The station makes perfect sense when you realize that it's a bunch of repackaged hardware built around assumptions from the 70s that we knew to be untrue around 85. The problem is that they didn't take a big step backwards at any point between 1985 and 2000 and really reassess things.
For example, the only time that the option of launching some of the American modules on an expendable booster was considered, they wanted to make the Shuttle-C, not just buy a quiver of Atlas or Titan rockets.
Re:Not really any danger... (Score:4, Insightful)
The ISS can't be finished. it needs the shuttle to finish it and the shuttle will be phased out long before the ISS is finished.
What the ISS has taught us and no one has figured out is that we need a vaible method for getting small things up to orbit easily. Progress shuttles from Russia don't count. those haven't changed a lot since the 70's.
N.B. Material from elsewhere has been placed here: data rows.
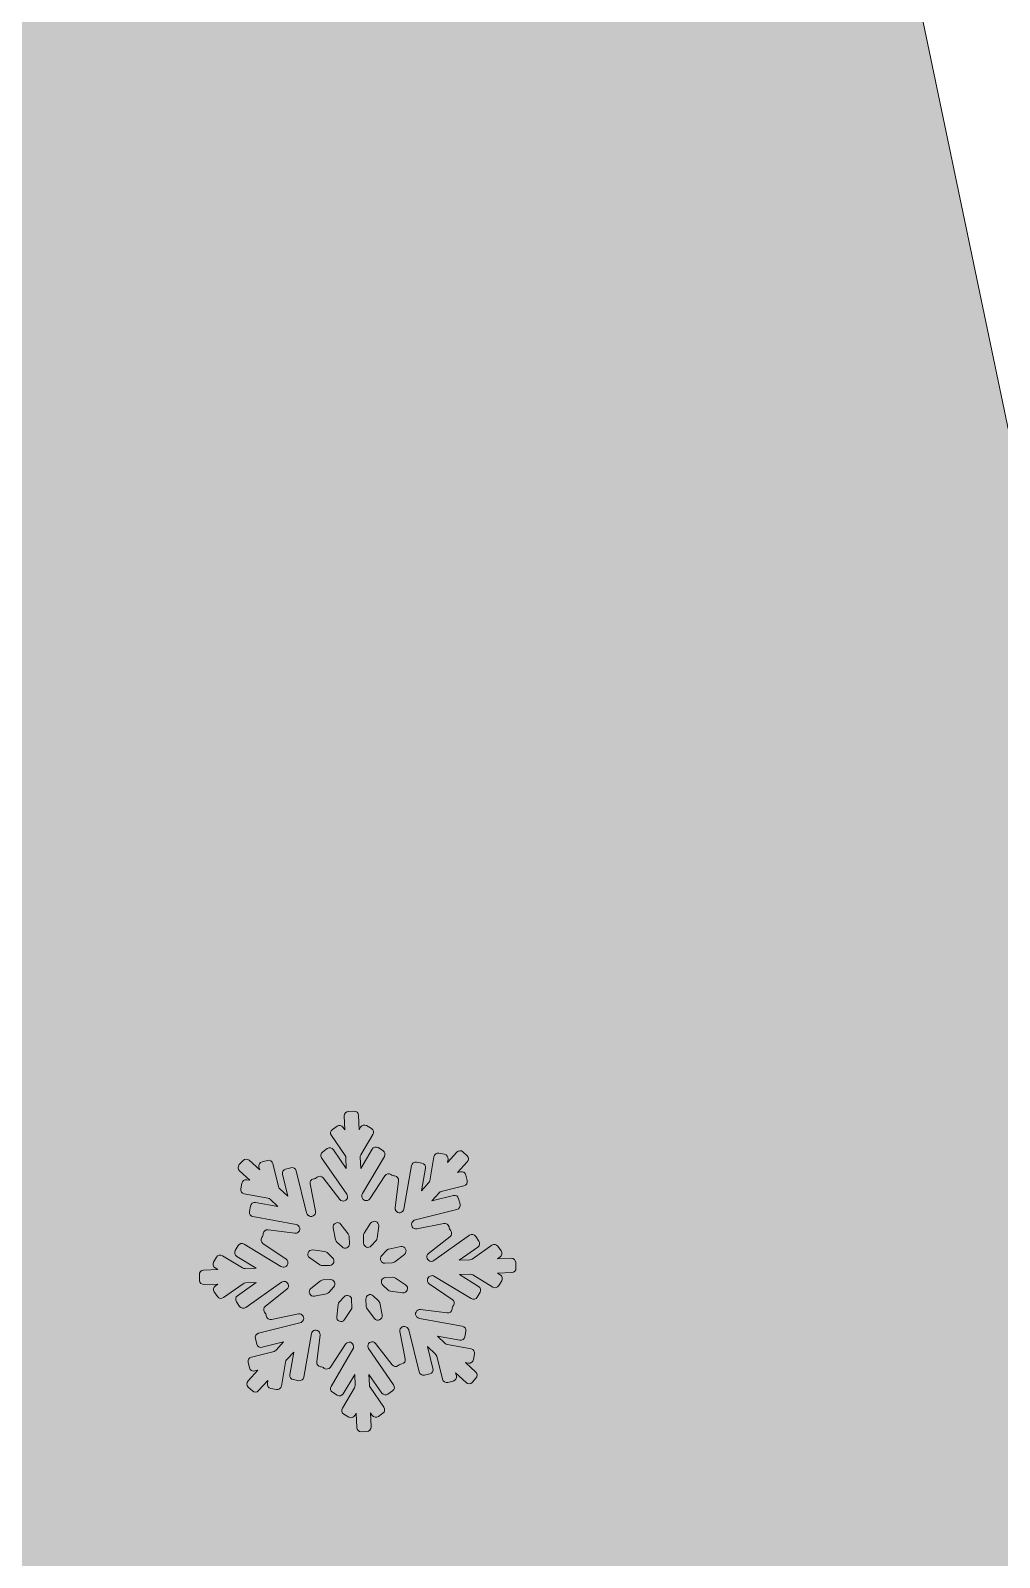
# Model space of a CAD drawing. Header units: millimetres. Extents: x -42 to 192, y -117 to -17.
# Drawn here: x 136.39 to 144.94, y -44.19 to -30.72 of the extents above; entities that cross this region are included whole.
import ezdxf

# ---------------------------------------------------------------- set-up
doc = ezdxf.new("R2010")
doc.units = ezdxf.units.MM
doc.header["$MEASUREMENT"] = 0
doc.layers.add('engraving', color=7, linetype='Continuous')
doc.layers.add('Layer 1', color=7, linetype='Continuous')

msp = doc.modelspace()

# ---------------------------------------------------------------- hatches: boundary and pattern name
at = {"layer": 'Layer 1'}
h = msp.add_hatch(color=2, dxfattribs=at)
h.dxf.hatch_style = 2
edge = h.paths.add_edge_path()
edge.add_spline(control_points=[(163.535, -30.121), (163.535, -30.121), (152.73, -71.11), (152.73, -71.11), (152.73, -71.11), (144.157, -30.121), (144.157, -30.121), (144.157, -30.121), (141.21, -30.121), (141.21, -30.121), (140.385, -29.082), (139.149, -28.383), (137.751, -28.276), (139.256, -27.161), (140.236, -25.378), (140.236, -23.361), (140.236, -19.98), (137.496, -17.24), (134.115, -17.24), (130.735, -17.24), (127.995, -19.98), (127.995, -23.361), (127.995, -25.378), (128.975, -27.161), (130.479, -28.276), (129.082, -28.383), (127.846, -29.082), (127.021, -30.121), (127.021, -30.121), (124.073, -30.121), (124.073, -30.121), (124.073, -30.121), (115.617, -71.11), (115.617, -71.11), (115.617, -71.11), (104.695, -30.121), (104.695, -30.121), (104.695, -30.121), (76.508, -30.121), (76.508, -30.121), (76.508, -30.121), (100.937, -115.27), (100.937, -115.27), (100.937, -115.27), (126.657, -115.27), (126.657, -115.27), (126.657, -115.27), (134.174, -87.788), (134.174, -87.788), (134.174, -87.788), (141.573, -115.27), (141.573, -115.27), (141.573, -115.27), (167.294, -115.27), (167.294, -115.27), (167.294, -115.27), (191.723, -30.121), (191.723, -30.121), (191.723, -30.121), (163.535, -30.121), (163.535, -30.121)], knot_values=[0, 0, 0, 0, 1, 1, 1, 2, 2, 2, 3, 3, 3, 4, 4, 4, 5, 5, 5, 6, 6, 6, 7, 7, 7, 8, 8, 8, 9, 9, 9, 10, 10, 10, 11, 11, 11, 12, 12, 12, 13, 13, 13, 14, 14, 14, 15, 15, 15, 16, 16, 16, 17, 17, 17, 18, 18, 18, 19, 19, 19, 20, 20, 20, 20], degree=3, periodic=1)
edge = h.paths.add_edge_path()
edge.add_spline(control_points=[(130.308, -23.361), (130.308, -21.261), (132.016, -19.553), (134.115, -19.553), (136.215, -19.553), (137.923, -21.261), (137.923, -23.361), (137.923, -25.46), (136.215, -27.168), (134.115, -27.168), (132.016, -27.168), (130.308, -25.46), (130.308, -23.361)], knot_values=[0, 0, 0, 0, 1, 1, 1, 2, 2, 2, 3, 3, 3, 4, 4, 4, 4], degree=3, periodic=1)

# ---------------------------------------------------------------- linework, layer by layer
at = {"layer": 'engraving', "lineweight": 0}
for points, knots in [([(140.67, -41.59), (140.669, -41.569), (140.651, -41.553), (140.63, -41.553), (140.63, -41.553), (140.508, -41.558), (140.508, -41.558), (140.508, -41.558), (140.531, -41.542), (140.531, -41.542), (140.548, -41.53), (140.552, -41.506), (140.54, -41.489), (140.54, -41.489), (140.512, -41.448), (140.512, -41.448), (140.5, -41.43), (140.476, -41.426), (140.458, -41.438), (140.458, -41.438), (140.285, -41.561), (140.285, -41.561), (140.279, -41.565), (140.272, -41.567), (140.264, -41.568), (140.264, -41.568), (140.171, -41.571), (140.171, -41.571), (140.171, -41.571), (140.336, -41.455), (140.336, -41.455), (140.353, -41.443), (140.357, -41.419), (140.345, -41.402), (140.345, -41.402), (140.317, -41.361), (140.317, -41.361), (140.304, -41.343), (140.28, -41.339), (140.263, -41.351), (140.263, -41.351), (139.948, -41.574), (139.948, -41.574), (139.942, -41.578), (139.935, -41.58), (139.927, -41.581), (139.927, -41.581), (139.925, -41.581), (139.925, -41.581), (139.888, -41.582), (139.871, -41.535), (139.9, -41.512), (139.9, -41.512), (140.089, -41.363), (140.089, -41.363), (140.106, -41.35), (140.109, -41.326), (140.096, -41.31), (140.096, -41.31), (140.09, -41.302), (140.09, -41.302), (140.086, -41.297), (140.084, -41.292), (140.082, -41.286), (140.082, -41.286), (140.081, -41.276), (140.081, -41.276), (140.076, -41.255), (140.056, -41.242), (140.035, -41.246), (140.035, -41.246), (139.797, -41.294), (139.797, -41.294), (139.76, -41.301), (139.736, -41.258), (139.761, -41.23), (139.761, -41.23), (139.765, -41.226), (139.765, -41.226), (139.77, -41.22), (139.777, -41.216), (139.784, -41.214), (139.784, -41.214), (140.15, -41.123), (140.15, -41.123), (140.17, -41.118), (140.183, -41.097), (140.178, -41.076), (140.178, -41.076), (140.166, -41.028), (140.166, -41.028), (140.161, -41.007), (140.14, -40.994), (140.119, -41), (140.119, -41), (139.928, -41.048), (139.928, -41.048), (139.928, -41.048), (139.994, -40.975), (139.994, -40.975), (139.999, -40.97), (140.005, -40.966), (140.013, -40.964), (140.013, -40.964), (140.213, -40.914), (140.213, -40.914), (140.234, -40.908), (140.246, -40.888), (140.241, -40.867), (140.241, -40.867), (140.229, -40.819), (140.229, -40.819), (140.224, -40.798), (140.203, -40.785), (140.182, -40.79), (140.182, -40.79), (140.156, -40.797), (140.156, -40.797), (140.156, -40.797), (140.242, -40.703), (140.242, -40.703), (140.256, -40.687), (140.255, -40.663), (140.24, -40.649), (140.24, -40.649), (140.204, -40.615), (140.204, -40.615), (140.188, -40.6), (140.163, -40.601), (140.149, -40.617), (140.149, -40.617), (140.067, -40.707), (140.067, -40.707), (140.067, -40.707), (140.072, -40.68), (140.072, -40.68), (140.075, -40.659), (140.061, -40.64), (140.041, -40.636), (140.041, -40.636), (139.992, -40.627), (139.992, -40.627), (139.971, -40.623), (139.951, -40.637), (139.947, -40.658), (139.947, -40.658), (139.911, -40.869), (139.911, -40.869), (139.909, -40.877), (139.906, -40.883), (139.901, -40.889), (139.901, -40.889), (139.838, -40.958), (139.838, -40.958), (139.838, -40.958), (139.873, -40.758), (139.873, -40.758), (139.877, -40.737), (139.863, -40.717), (139.842, -40.714), (139.842, -40.714), (139.794, -40.705), (139.794, -40.705), (139.773, -40.701), (139.753, -40.715), (139.749, -40.736), (139.749, -40.736), (139.682, -41.12), (139.682, -41.12), (139.681, -41.127), (139.678, -41.134), (139.673, -41.139), (139.673, -41.139), (139.673, -41.139), (139.673, -41.139), (139.647, -41.167), (139.602, -41.146), (139.606, -41.109), (139.606, -41.109), (139.635, -40.87), (139.635, -40.87), (139.638, -40.849), (139.623, -40.83), (139.602, -40.827), (139.602, -40.827), (139.593, -40.826), (139.593, -40.826), (139.587, -40.825), (139.581, -40.823), (139.576, -40.819), (139.576, -40.819), (139.568, -40.814), (139.568, -40.814), (139.551, -40.802), (139.527, -40.807), (139.515, -40.825), (139.515, -40.825), (139.381, -41.028), (139.381, -41.028), (139.36, -41.059), (139.312, -41.045), (139.311, -41.008), (139.311, -41.008), (139.31, -41.004), (139.31, -41.004), (139.31, -40.996), (139.312, -40.989), (139.316, -40.983), (139.316, -40.983), (139.51, -40.655), (139.51, -40.655), (139.521, -40.637), (139.515, -40.614), (139.497, -40.603), (139.497, -40.603), (139.455, -40.577), (139.455, -40.577), (139.436, -40.566), (139.413, -40.572), (139.402, -40.59), (139.402, -40.59), (139.301, -40.761), (139.301, -40.761), (139.301, -40.761), (139.297, -40.662), (139.297, -40.662), (139.296, -40.655), (139.298, -40.648), (139.302, -40.641), (139.302, -40.641), (139.409, -40.462), (139.409, -40.462), (139.419, -40.444), (139.414, -40.42), (139.396, -40.409), (139.396, -40.409), (139.353, -40.383), (139.353, -40.383), (139.335, -40.372), (139.311, -40.378), (139.3, -40.397), (139.3, -40.397), (139.287, -40.419), (139.287, -40.419), (139.287, -40.419), (139.282, -40.292), (139.282, -40.292), (139.281, -40.271), (139.263, -40.254), (139.242, -40.255), (139.242, -40.255), (139.193, -40.257), (139.193, -40.257), (139.171, -40.258), (139.155, -40.276), (139.156, -40.297), (139.156, -40.297), (139.161, -40.42), (139.161, -40.42), (139.161, -40.42), (139.146, -40.398), (139.146, -40.398), (139.134, -40.381), (139.109, -40.376), (139.092, -40.389), (139.092, -40.389), (139.052, -40.417), (139.052, -40.417), (139.034, -40.429), (139.03, -40.453), (139.042, -40.47), (139.042, -40.47), (139.164, -40.647), (139.164, -40.647), (139.168, -40.653), (139.17, -40.66), (139.171, -40.667), (139.171, -40.667), (139.174, -40.761), (139.174, -40.761), (139.174, -40.761), (139.06, -40.595), (139.06, -40.595), (139.048, -40.578), (139.024, -40.574), (139.006, -40.586), (139.006, -40.586), (138.966, -40.614), (138.966, -40.614), (138.949, -40.627), (138.945, -40.65), (138.956, -40.668), (138.956, -40.668), (139.178, -40.988), (139.178, -40.988), (139.182, -40.994), (139.184, -41.001), (139.184, -41.008), (139.184, -41.008), (139.185, -41.009), (139.185, -41.009), (139.186, -41.046), (139.139, -41.063), (139.116, -41.034), (139.116, -41.034), (138.97, -40.845), (138.97, -40.845), (138.957, -40.828), (138.933, -40.825), (138.916, -40.838), (138.916, -40.838), (138.909, -40.844), (138.909, -40.844), (138.904, -40.847), (138.899, -40.85), (138.893, -40.851), (138.893, -40.851), (138.884, -40.853), (138.884, -40.853), (138.863, -40.857), (138.849, -40.877), (138.854, -40.898), (138.854, -40.898), (138.901, -41.139), (138.901, -41.139), (138.908, -41.175), (138.864, -41.2), (138.837, -41.174), (138.837, -41.174), (138.835, -41.172), (138.835, -41.172), (138.829, -41.167), (138.826, -41.16), (138.824, -41.153), (138.824, -41.153), (138.732, -40.782), (138.732, -40.782), (138.727, -40.761), (138.706, -40.749), (138.685, -40.754), (138.685, -40.754), (138.638, -40.766), (138.638, -40.766), (138.617, -40.771), (138.605, -40.792), (138.61, -40.812), (138.61, -40.812), (138.658, -41.006), (138.658, -41.006), (138.658, -41.006), (138.587, -40.94), (138.587, -40.94), (138.581, -40.935), (138.577, -40.928), (138.576, -40.921), (138.576, -40.921), (138.525, -40.718), (138.525, -40.718), (138.52, -40.697), (138.499, -40.684), (138.479, -40.69), (138.479, -40.69), (138.431, -40.702), (138.431, -40.702), (138.41, -40.707), (138.398, -40.727), (138.403, -40.748), (138.403, -40.748), (138.41, -40.774), (138.41, -40.774), (138.41, -40.774), (138.317, -40.688), (138.317, -40.688), (138.302, -40.674), (138.277, -40.675), (138.263, -40.69), (138.263, -40.69), (138.229, -40.727), (138.229, -40.727), (138.215, -40.742), (138.216, -40.767), (138.231, -40.781), (138.231, -40.781), (138.322, -40.865), (138.322, -40.865), (138.322, -40.865), (138.295, -40.86), (138.295, -40.86), (138.274, -40.857), (138.254, -40.871), (138.251, -40.892), (138.251, -40.892), (138.242, -40.941), (138.242, -40.941), (138.238, -40.962), (138.252, -40.981), (138.273, -40.985), (138.273, -40.985), (138.481, -41.023), (138.481, -41.023), (138.489, -41.024), (138.495, -41.028), (138.501, -41.033), (138.501, -41.033), (138.57, -41.097), (138.57, -41.097), (138.57, -41.097), (138.373, -41.062), (138.373, -41.062), (138.352, -41.058), (138.332, -41.072), (138.328, -41.093), (138.328, -41.093), (138.319, -41.142), (138.319, -41.142), (138.316, -41.163), (138.33, -41.183), (138.35, -41.186), (138.35, -41.186), (138.73, -41.255), (138.73, -41.255), (138.737, -41.256), (138.744, -41.26), (138.749, -41.265), (138.749, -41.265), (138.751, -41.266), (138.751, -41.266), (138.778, -41.292), (138.757, -41.337), (138.72, -41.333), (138.72, -41.333), (138.483, -41.302), (138.483, -41.302), (138.462, -41.3), (138.443, -41.315), (138.441, -41.336), (138.441, -41.336), (138.439, -41.346), (138.439, -41.346), (138.439, -41.352), (138.437, -41.357), (138.433, -41.362), (138.433, -41.362), (138.428, -41.37), (138.428, -41.37), (138.416, -41.388), (138.421, -41.411), (138.438, -41.423), (138.438, -41.423), (138.642, -41.561), (138.642, -41.561), (138.672, -41.582), (138.659, -41.63), (138.622, -41.631), (138.622, -41.631), (138.617, -41.631), (138.617, -41.631), (138.609, -41.632), (138.602, -41.63), (138.596, -41.626), (138.596, -41.626), (138.272, -41.429), (138.272, -41.429), (138.254, -41.418), (138.23, -41.424), (138.219, -41.442), (138.219, -41.442), (138.194, -41.485), (138.194, -41.485), (138.183, -41.503), (138.189, -41.526), (138.207, -41.537), (138.207, -41.537), (138.377, -41.641), (138.377, -41.641), (138.377, -41.641), (138.28, -41.644), (138.28, -41.644), (138.272, -41.645), (138.265, -41.643), (138.258, -41.639), (138.258, -41.639), (138.081, -41.531), (138.081, -41.531), (138.063, -41.52), (138.039, -41.526), (138.028, -41.544), (138.028, -41.544), (138.003, -41.587), (138.003, -41.587), (137.992, -41.605), (137.998, -41.628), (138.016, -41.639), (138.016, -41.639), (138.04, -41.654), (138.04, -41.654), (138.04, -41.654), (137.913, -41.659), (137.913, -41.659), (137.892, -41.66), (137.876, -41.677), (137.877, -41.699), (137.877, -41.699), (137.879, -41.749), (137.879, -41.749), (137.879, -41.77), (137.897, -41.786), (137.918, -41.786), (137.918, -41.786), (138.041, -41.781), (138.041, -41.781), (138.041, -41.781), (138.018, -41.797), (138.018, -41.797), (138.001, -41.809), (137.997, -41.833), (138.008, -41.85), (138.008, -41.85), (138.037, -41.891), (138.037, -41.891), (138.049, -41.909), (138.073, -41.913), (138.091, -41.901), (138.091, -41.901), (138.264, -41.778), (138.264, -41.778), (138.27, -41.774), (138.277, -41.772), (138.284, -41.771), (138.284, -41.771), (138.378, -41.768), (138.378, -41.768), (138.378, -41.768), (138.213, -41.884), (138.213, -41.884), (138.196, -41.896), (138.192, -41.92), (138.204, -41.937), (138.204, -41.937), (138.232, -41.978), (138.232, -41.978), (138.244, -41.996), (138.268, -42), (138.286, -41.988), (138.286, -41.988), (138.601, -41.765), (138.601, -41.765), (138.607, -41.761), (138.614, -41.759), (138.621, -41.758), (138.621, -41.758), (138.623, -41.758), (138.623, -41.758), (138.66, -41.757), (138.678, -41.804), (138.649, -41.827), (138.649, -41.827), (138.46, -41.976), (138.46, -41.976), (138.443, -41.989), (138.44, -42.012), (138.453, -42.029), (138.453, -42.029), (138.459, -42.037), (138.459, -42.037), (138.463, -42.042), (138.465, -42.047), (138.466, -42.053), (138.466, -42.053), (138.468, -42.063), (138.468, -42.063), (138.472, -42.083), (138.492, -42.097), (138.513, -42.093), (138.513, -42.093), (138.752, -42.045), (138.752, -42.045), (138.788, -42.038), (138.813, -42.081), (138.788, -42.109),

And all the budgets for such craft keep getting cancled.
Re:1 in 10,000 (Score:3, Insightful)
And carries volunteers - they all know what they may be in for when they sign up.
Re:Sucesses? (Score:3, Insightful)
There aren't any alternatives funded for the CEV. It's about as competitive as the shuttle's procurement was. NASA was going to make the two leading teams do a fly-off, but that was removed from the plan. So, one CEV booster that's intended to last us all the way to the Mars shot, and no alternatives.
We don't need two new boosters. We don't even need two boosters at all. It would have been far cheaper to just source either Delta or Atlas EELV stages. (and leave open the option for SpaceX to sell a Falcon 9 when they get that one ready) Or, if they had wanted to build a new booster that bad, to make something that was somewhat bigger than the CEV's booster stage and then distribute the pieces of any lunar exploration missions into a series of launches. But, instead, NASA builds *two* new boosters at the same time and gets to deal with two sets of development problems with increasing amounts of divergence between the two designs.
That NASA still cannot just source lift capability on the open market demonstrates just how they haven't learned their lessons.